━━ EXTRACTED RECORDS ━━

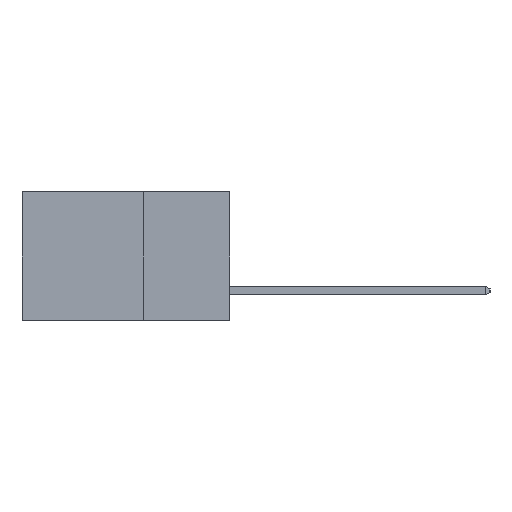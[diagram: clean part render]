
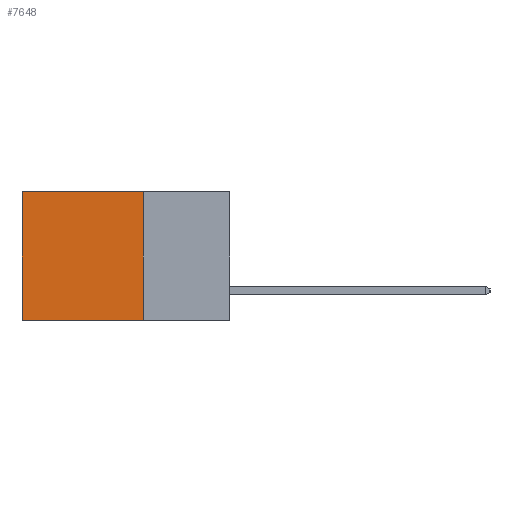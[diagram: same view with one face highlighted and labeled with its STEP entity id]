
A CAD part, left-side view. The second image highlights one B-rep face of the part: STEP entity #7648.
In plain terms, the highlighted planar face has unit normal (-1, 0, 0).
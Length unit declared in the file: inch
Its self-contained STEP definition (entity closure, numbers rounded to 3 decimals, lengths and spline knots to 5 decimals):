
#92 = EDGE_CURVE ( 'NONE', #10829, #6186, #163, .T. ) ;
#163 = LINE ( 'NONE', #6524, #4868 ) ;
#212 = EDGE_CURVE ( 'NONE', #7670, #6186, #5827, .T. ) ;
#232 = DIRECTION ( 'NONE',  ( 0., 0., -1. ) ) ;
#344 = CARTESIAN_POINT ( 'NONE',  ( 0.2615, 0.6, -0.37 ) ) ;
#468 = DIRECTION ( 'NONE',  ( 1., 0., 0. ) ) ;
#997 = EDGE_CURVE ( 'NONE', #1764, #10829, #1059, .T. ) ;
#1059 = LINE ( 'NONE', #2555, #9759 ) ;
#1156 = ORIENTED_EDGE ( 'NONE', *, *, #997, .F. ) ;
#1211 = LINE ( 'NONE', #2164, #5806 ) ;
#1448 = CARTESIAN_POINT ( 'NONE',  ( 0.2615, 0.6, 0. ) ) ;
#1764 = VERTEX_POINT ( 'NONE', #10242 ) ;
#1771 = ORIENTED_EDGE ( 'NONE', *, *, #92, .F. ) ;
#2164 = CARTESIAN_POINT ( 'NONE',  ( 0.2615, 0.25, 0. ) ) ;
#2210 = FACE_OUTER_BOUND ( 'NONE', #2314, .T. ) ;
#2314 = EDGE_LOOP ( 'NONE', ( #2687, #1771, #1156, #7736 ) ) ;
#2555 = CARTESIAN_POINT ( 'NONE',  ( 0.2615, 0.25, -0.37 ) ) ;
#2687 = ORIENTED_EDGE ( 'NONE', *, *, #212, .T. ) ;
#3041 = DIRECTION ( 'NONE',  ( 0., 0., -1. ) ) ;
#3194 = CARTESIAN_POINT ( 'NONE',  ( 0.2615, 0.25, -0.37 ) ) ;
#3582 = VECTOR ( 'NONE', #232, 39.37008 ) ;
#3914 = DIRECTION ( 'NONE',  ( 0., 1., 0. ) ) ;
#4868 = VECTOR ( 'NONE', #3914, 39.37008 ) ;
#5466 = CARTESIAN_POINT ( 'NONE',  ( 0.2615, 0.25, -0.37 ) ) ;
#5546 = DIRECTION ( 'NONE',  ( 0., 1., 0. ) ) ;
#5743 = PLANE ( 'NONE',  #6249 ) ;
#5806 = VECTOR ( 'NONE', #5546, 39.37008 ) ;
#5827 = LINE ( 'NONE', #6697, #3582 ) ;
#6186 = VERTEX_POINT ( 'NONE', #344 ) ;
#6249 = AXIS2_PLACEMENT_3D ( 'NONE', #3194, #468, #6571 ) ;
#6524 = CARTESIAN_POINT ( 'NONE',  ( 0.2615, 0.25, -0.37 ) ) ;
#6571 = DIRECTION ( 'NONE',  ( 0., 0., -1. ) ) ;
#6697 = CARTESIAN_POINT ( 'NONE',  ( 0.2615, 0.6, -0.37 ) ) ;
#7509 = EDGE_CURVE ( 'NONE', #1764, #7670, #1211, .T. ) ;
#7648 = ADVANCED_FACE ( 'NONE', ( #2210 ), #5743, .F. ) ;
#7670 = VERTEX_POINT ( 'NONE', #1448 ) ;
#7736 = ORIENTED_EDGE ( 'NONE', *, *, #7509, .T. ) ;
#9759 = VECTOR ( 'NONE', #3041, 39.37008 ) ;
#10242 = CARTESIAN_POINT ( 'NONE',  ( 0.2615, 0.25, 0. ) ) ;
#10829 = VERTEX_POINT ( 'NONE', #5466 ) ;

━━━

TRY IT = Return a word-for-word copy of the lines above from the one holding "Its self-contained STEP" through the one holding "#2164 = CARTESIAN_POINT", with both of them included and nothing besides.

OUTPUT OF THE EXERCISE =
Its self-contained STEP definition (entity closure, numbers rounded to 3 decimals, lengths and spline knots to 5 decimals):
#92 = EDGE_CURVE ( 'NONE', #10829, #6186, #163, .T. ) ;
#163 = LINE ( 'NONE', #6524, #4868 ) ;
#212 = EDGE_CURVE ( 'NONE', #7670, #6186, #5827, .T. ) ;
#232 = DIRECTION ( 'NONE',  ( 0., 0., -1. ) ) ;
#344 = CARTESIAN_POINT ( 'NONE',  ( 0.2615, 0.6, -0.37 ) ) ;
#468 = DIRECTION ( 'NONE',  ( 1., 0., 0. ) ) ;
#997 = EDGE_CURVE ( 'NONE', #1764, #10829, #1059, .T. ) ;
#1059 = LINE ( 'NONE', #2555, #9759 ) ;
#1156 = ORIENTED_EDGE ( 'NONE', *, *, #997, .F. ) ;
#1211 = LINE ( 'NONE', #2164, #5806 ) ;
#1448 = CARTESIAN_POINT ( 'NONE',  ( 0.2615, 0.6, 0. ) ) ;
#1764 = VERTEX_POINT ( 'NONE', #10242 ) ;
#1771 = ORIENTED_EDGE ( 'NONE', *, *, #92, .F. ) ;
#2164 = CARTESIAN_POINT ( 'NONE',  ( 0.2615, 0.25, 0. ) ) ;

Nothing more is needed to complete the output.